Work instruction: Produce word for word the lines of the data below running from the one that has "#73=ORIENTED_EDGE('',*,*,#72,.F.);" to the one that has "#104=CARTESIAN_POINT('',(0.,0.,-14.2));", inclusive, and no others.

Material provided section start

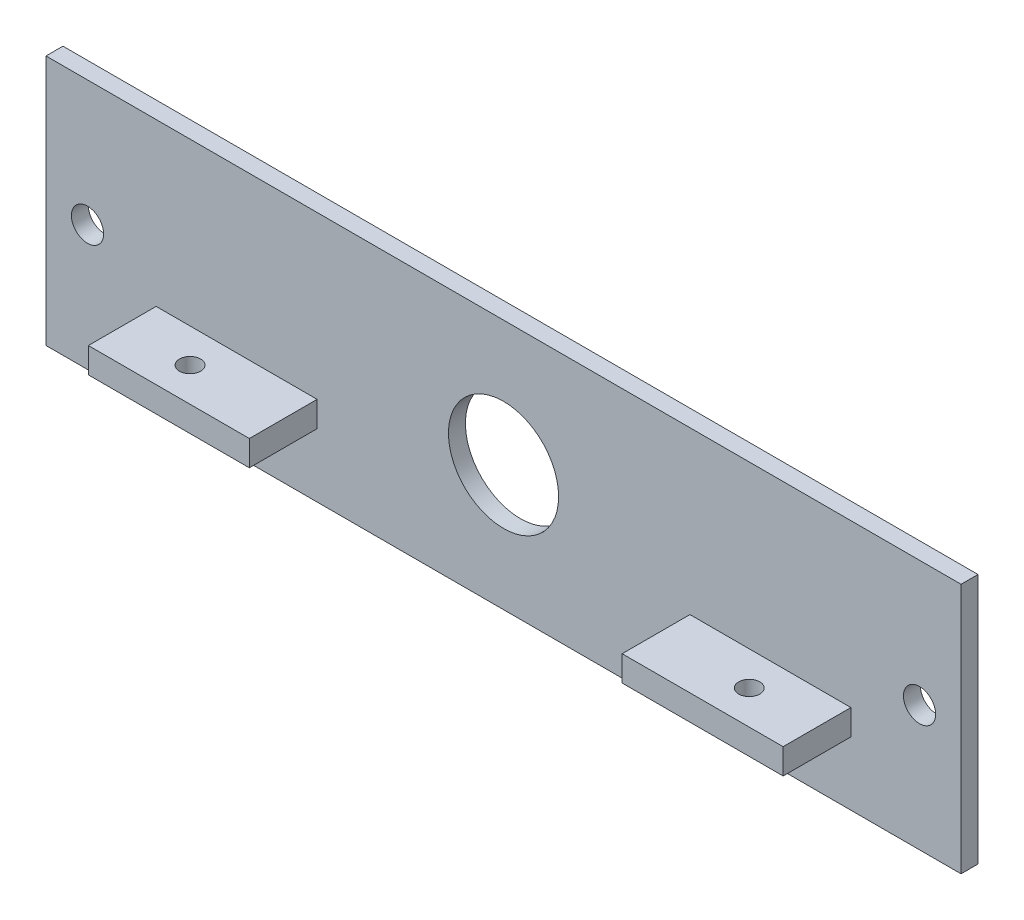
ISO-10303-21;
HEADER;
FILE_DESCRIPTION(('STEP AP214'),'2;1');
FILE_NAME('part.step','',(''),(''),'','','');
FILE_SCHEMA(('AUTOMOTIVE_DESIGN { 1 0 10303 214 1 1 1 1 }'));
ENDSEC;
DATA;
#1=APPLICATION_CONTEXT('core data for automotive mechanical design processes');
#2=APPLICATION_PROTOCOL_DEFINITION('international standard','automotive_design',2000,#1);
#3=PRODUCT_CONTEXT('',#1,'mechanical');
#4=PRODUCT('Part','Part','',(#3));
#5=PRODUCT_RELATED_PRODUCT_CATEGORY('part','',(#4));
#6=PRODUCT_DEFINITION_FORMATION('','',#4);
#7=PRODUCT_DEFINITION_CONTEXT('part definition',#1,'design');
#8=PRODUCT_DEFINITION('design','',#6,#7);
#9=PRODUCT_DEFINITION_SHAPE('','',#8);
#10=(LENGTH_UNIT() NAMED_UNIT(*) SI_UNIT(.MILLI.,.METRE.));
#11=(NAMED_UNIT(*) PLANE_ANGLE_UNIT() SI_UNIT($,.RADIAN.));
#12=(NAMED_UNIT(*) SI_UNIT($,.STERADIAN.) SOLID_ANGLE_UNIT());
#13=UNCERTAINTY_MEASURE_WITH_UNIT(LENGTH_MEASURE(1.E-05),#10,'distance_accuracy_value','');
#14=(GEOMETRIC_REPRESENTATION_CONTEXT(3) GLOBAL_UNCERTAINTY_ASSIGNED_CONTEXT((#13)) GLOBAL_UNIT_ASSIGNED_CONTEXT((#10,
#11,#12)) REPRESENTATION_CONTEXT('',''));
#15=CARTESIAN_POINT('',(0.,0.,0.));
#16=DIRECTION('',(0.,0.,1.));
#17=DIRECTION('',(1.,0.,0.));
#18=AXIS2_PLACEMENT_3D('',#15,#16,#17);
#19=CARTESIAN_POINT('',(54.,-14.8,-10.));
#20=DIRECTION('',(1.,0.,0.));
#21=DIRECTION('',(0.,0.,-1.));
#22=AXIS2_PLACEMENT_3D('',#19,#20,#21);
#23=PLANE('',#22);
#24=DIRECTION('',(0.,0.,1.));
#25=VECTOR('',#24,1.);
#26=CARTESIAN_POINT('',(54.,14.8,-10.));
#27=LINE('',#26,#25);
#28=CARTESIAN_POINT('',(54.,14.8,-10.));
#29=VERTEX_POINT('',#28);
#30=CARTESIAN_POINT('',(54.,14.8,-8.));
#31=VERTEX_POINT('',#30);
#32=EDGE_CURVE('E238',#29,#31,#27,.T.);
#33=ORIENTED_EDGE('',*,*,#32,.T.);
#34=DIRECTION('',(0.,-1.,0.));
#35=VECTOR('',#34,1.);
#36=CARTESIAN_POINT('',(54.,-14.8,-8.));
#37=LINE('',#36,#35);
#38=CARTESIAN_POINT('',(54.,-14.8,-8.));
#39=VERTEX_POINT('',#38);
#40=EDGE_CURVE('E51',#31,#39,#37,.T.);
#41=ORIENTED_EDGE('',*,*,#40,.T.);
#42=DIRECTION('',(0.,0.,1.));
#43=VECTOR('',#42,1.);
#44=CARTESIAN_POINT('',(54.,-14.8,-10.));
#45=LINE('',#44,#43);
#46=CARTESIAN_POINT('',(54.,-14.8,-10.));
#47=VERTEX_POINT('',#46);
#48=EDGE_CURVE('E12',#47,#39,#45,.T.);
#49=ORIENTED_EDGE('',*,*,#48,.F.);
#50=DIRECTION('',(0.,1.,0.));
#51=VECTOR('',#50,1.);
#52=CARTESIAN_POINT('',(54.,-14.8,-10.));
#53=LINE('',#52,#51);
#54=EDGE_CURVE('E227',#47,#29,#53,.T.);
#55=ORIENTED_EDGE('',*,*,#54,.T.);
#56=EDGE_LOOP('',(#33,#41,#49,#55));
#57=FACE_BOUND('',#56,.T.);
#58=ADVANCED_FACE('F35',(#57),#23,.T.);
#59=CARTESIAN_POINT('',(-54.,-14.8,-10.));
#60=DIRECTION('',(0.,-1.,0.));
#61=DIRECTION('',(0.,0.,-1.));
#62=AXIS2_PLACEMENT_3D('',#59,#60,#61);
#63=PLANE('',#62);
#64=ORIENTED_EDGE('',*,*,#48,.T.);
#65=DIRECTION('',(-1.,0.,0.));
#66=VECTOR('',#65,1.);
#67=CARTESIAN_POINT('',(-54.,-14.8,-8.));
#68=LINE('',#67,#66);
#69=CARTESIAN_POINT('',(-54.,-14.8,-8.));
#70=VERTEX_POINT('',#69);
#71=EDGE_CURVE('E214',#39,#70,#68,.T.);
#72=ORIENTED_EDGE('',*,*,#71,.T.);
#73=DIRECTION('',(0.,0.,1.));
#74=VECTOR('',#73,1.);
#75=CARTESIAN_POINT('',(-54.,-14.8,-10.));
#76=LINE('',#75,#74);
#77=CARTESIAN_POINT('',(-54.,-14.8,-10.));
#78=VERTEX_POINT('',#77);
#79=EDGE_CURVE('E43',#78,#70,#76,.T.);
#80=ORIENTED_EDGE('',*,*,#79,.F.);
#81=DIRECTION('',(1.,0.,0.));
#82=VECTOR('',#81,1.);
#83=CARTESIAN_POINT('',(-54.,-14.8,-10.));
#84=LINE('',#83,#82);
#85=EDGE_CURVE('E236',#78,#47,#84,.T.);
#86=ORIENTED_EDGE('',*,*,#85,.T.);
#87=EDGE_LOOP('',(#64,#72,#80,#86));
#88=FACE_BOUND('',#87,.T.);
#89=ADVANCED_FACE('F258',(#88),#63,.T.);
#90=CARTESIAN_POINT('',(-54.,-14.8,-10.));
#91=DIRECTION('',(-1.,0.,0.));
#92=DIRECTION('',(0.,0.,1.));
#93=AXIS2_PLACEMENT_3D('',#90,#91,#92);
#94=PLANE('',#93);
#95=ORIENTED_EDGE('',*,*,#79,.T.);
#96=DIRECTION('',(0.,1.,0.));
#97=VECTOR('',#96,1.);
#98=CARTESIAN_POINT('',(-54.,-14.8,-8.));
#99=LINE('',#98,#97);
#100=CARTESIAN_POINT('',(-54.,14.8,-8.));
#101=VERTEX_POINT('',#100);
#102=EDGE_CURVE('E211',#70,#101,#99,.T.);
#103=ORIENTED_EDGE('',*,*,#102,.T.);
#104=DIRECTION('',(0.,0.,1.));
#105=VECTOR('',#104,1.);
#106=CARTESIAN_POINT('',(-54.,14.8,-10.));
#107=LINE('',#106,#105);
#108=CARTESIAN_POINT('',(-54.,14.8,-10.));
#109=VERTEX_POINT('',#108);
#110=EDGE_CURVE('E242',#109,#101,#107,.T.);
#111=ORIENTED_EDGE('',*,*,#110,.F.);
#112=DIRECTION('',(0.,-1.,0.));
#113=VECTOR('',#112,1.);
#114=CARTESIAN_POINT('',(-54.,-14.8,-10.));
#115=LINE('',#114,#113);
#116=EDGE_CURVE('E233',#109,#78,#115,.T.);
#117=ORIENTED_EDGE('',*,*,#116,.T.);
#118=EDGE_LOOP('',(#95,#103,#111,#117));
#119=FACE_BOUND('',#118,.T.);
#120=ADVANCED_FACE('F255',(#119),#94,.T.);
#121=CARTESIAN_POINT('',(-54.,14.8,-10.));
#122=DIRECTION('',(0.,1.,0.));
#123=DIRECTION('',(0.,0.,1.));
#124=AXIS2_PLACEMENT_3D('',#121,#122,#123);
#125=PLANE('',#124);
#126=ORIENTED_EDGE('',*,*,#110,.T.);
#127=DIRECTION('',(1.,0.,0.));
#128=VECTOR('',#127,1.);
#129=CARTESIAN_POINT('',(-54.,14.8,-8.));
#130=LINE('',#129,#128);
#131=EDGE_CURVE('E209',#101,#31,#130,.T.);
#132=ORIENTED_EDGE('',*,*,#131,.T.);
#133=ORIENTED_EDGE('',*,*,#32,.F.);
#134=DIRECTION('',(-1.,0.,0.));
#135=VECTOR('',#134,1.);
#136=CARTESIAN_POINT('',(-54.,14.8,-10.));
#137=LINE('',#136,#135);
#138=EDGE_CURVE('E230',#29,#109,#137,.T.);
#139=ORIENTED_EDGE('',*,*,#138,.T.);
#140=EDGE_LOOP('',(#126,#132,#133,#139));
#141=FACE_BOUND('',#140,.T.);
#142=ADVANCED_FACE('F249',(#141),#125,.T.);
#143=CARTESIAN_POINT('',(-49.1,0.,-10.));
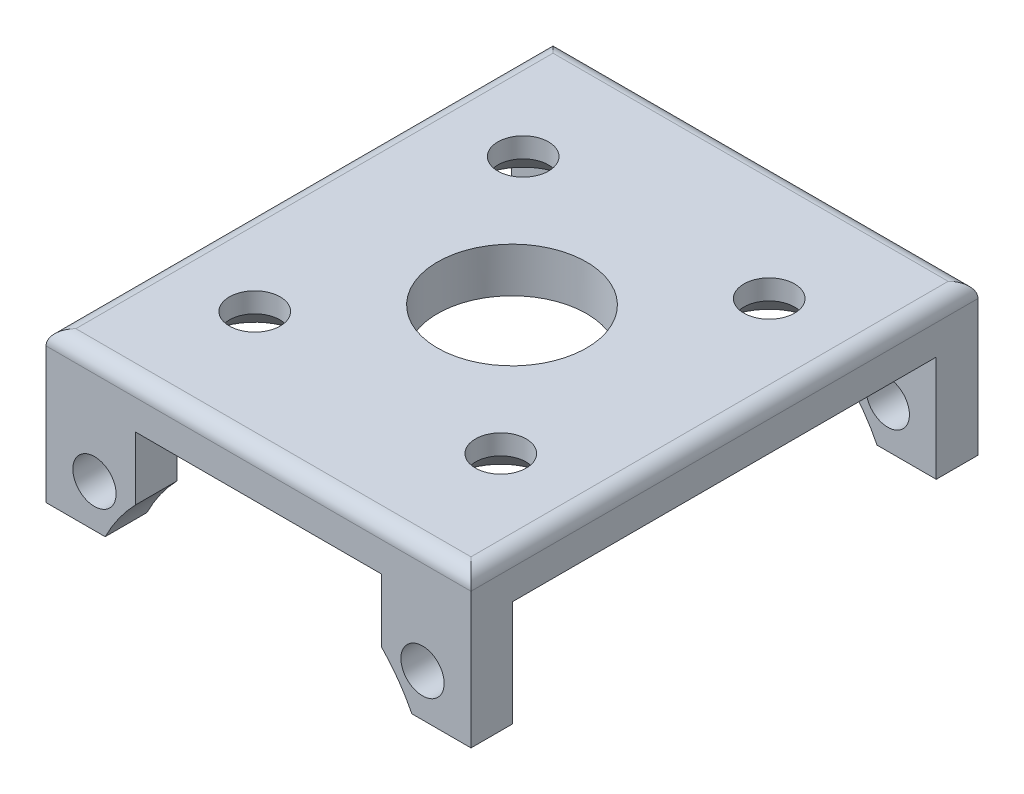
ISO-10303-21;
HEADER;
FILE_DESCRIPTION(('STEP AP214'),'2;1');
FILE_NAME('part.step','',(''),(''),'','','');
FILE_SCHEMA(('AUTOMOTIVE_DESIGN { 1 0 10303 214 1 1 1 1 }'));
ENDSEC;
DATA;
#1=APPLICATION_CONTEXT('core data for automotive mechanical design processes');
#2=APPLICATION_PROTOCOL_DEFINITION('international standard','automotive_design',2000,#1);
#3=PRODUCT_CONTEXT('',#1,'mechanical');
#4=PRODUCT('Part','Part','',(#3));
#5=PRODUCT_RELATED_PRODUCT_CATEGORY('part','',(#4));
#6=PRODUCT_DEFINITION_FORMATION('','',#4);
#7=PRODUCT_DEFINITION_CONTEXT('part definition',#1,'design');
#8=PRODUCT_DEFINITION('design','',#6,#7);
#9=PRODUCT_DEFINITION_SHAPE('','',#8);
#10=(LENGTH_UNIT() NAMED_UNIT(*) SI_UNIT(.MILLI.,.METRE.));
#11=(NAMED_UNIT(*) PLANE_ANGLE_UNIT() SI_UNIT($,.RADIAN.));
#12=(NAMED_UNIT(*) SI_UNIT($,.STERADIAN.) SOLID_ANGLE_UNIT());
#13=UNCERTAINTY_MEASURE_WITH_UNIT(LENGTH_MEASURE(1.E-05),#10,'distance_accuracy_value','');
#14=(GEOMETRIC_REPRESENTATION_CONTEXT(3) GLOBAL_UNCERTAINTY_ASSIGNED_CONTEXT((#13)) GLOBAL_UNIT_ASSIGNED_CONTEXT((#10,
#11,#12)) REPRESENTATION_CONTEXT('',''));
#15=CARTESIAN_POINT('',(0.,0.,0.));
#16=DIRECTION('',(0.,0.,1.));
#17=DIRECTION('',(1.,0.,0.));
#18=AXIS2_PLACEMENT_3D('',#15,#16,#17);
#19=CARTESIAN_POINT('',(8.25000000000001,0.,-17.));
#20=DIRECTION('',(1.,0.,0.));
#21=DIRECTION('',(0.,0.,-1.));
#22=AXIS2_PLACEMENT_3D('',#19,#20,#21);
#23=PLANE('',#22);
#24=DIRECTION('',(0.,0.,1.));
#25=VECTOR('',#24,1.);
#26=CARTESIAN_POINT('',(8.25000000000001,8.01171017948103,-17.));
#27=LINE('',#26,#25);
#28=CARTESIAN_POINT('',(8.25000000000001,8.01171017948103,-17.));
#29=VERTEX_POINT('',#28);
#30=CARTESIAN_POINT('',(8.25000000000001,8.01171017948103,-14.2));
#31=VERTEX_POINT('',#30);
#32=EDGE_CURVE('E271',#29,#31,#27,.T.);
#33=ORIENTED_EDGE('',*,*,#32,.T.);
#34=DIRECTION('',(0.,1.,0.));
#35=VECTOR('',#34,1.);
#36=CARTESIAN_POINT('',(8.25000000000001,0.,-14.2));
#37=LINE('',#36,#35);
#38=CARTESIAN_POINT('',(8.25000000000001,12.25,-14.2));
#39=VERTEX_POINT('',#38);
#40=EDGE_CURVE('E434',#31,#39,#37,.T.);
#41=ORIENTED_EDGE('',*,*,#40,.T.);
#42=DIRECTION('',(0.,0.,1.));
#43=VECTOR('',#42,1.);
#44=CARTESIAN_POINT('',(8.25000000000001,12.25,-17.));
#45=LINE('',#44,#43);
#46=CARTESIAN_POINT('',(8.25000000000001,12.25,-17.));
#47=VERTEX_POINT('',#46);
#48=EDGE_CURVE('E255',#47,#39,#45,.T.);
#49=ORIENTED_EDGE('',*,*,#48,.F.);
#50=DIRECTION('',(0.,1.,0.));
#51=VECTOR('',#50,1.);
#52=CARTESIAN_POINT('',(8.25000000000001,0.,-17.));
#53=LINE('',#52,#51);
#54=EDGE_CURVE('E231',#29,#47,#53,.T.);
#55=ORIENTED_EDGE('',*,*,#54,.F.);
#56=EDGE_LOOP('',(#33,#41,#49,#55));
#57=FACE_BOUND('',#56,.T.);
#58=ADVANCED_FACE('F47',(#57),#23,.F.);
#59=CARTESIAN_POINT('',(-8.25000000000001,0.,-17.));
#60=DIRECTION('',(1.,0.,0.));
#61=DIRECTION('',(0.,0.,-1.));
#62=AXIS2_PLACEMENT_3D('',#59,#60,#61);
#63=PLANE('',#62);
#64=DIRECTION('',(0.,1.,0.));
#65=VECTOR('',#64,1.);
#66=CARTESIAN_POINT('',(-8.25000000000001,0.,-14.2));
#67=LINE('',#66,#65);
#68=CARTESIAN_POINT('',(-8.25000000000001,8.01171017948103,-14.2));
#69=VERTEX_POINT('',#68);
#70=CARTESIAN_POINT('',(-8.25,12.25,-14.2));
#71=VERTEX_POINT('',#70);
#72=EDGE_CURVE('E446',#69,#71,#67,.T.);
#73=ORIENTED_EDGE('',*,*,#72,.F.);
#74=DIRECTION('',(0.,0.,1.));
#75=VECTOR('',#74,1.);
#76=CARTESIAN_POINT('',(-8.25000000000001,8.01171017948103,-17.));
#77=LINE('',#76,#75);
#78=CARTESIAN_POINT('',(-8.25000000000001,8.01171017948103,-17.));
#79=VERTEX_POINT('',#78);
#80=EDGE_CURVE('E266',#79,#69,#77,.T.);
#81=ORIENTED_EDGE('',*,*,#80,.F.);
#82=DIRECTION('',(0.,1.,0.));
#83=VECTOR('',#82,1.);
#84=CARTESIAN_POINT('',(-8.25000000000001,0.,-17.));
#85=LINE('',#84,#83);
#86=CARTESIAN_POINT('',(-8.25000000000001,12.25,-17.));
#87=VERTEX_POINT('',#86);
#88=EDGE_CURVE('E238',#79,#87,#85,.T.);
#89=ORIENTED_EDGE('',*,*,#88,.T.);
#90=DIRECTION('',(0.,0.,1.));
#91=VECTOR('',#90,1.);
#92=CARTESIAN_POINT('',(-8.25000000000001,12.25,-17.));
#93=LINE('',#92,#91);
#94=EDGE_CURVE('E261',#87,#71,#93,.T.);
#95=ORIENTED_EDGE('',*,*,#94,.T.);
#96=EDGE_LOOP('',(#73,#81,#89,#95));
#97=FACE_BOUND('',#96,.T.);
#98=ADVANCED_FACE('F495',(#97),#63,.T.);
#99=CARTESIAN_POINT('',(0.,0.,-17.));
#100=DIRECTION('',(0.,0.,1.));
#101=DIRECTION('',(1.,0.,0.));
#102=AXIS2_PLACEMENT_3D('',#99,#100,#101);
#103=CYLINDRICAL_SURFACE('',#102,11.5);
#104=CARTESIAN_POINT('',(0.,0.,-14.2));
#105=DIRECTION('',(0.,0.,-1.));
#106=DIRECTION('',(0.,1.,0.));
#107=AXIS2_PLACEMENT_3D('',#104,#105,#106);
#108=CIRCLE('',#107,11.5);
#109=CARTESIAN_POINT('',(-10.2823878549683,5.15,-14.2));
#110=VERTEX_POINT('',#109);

Material provided section end

Answer to the problem:
#73=ORIENTED_EDGE('',*,*,#72,.F.);
#74=DIRECTION('',(0.,0.,1.));
#75=VECTOR('',#74,1.);
#76=CARTESIAN_POINT('',(-8.25000000000001,8.01171017948103,-17.));
#77=LINE('',#76,#75);
#78=CARTESIAN_POINT('',(-8.25000000000001,8.01171017948103,-17.));
#79=VERTEX_POINT('',#78);
#80=EDGE_CURVE('E266',#79,#69,#77,.T.);
#81=ORIENTED_EDGE('',*,*,#80,.F.);
#82=DIRECTION('',(0.,1.,0.));
#83=VECTOR('',#82,1.);
#84=CARTESIAN_POINT('',(-8.25000000000001,0.,-17.));
#85=LINE('',#84,#83);
#86=CARTESIAN_POINT('',(-8.25000000000001,12.25,-17.));
#87=VERTEX_POINT('',#86);
#88=EDGE_CURVE('E238',#79,#87,#85,.T.);
#89=ORIENTED_EDGE('',*,*,#88,.T.);
#90=DIRECTION('',(0.,0.,1.));
#91=VECTOR('',#90,1.);
#92=CARTESIAN_POINT('',(-8.25000000000001,12.25,-17.));
#93=LINE('',#92,#91);
#94=EDGE_CURVE('E261',#87,#71,#93,.T.);
#95=ORIENTED_EDGE('',*,*,#94,.T.);
#96=EDGE_LOOP('',(#73,#81,#89,#95));
#97=FACE_BOUND('',#96,.T.);
#98=ADVANCED_FACE('F495',(#97),#63,.T.);
#99=CARTESIAN_POINT('',(0.,0.,-17.));
#100=DIRECTION('',(0.,0.,1.));
#101=DIRECTION('',(1.,0.,0.));
#102=AXIS2_PLACEMENT_3D('',#99,#100,#101);
#103=CYLINDRICAL_SURFACE('',#102,11.5);
#104=CARTESIAN_POINT('',(0.,0.,-14.2));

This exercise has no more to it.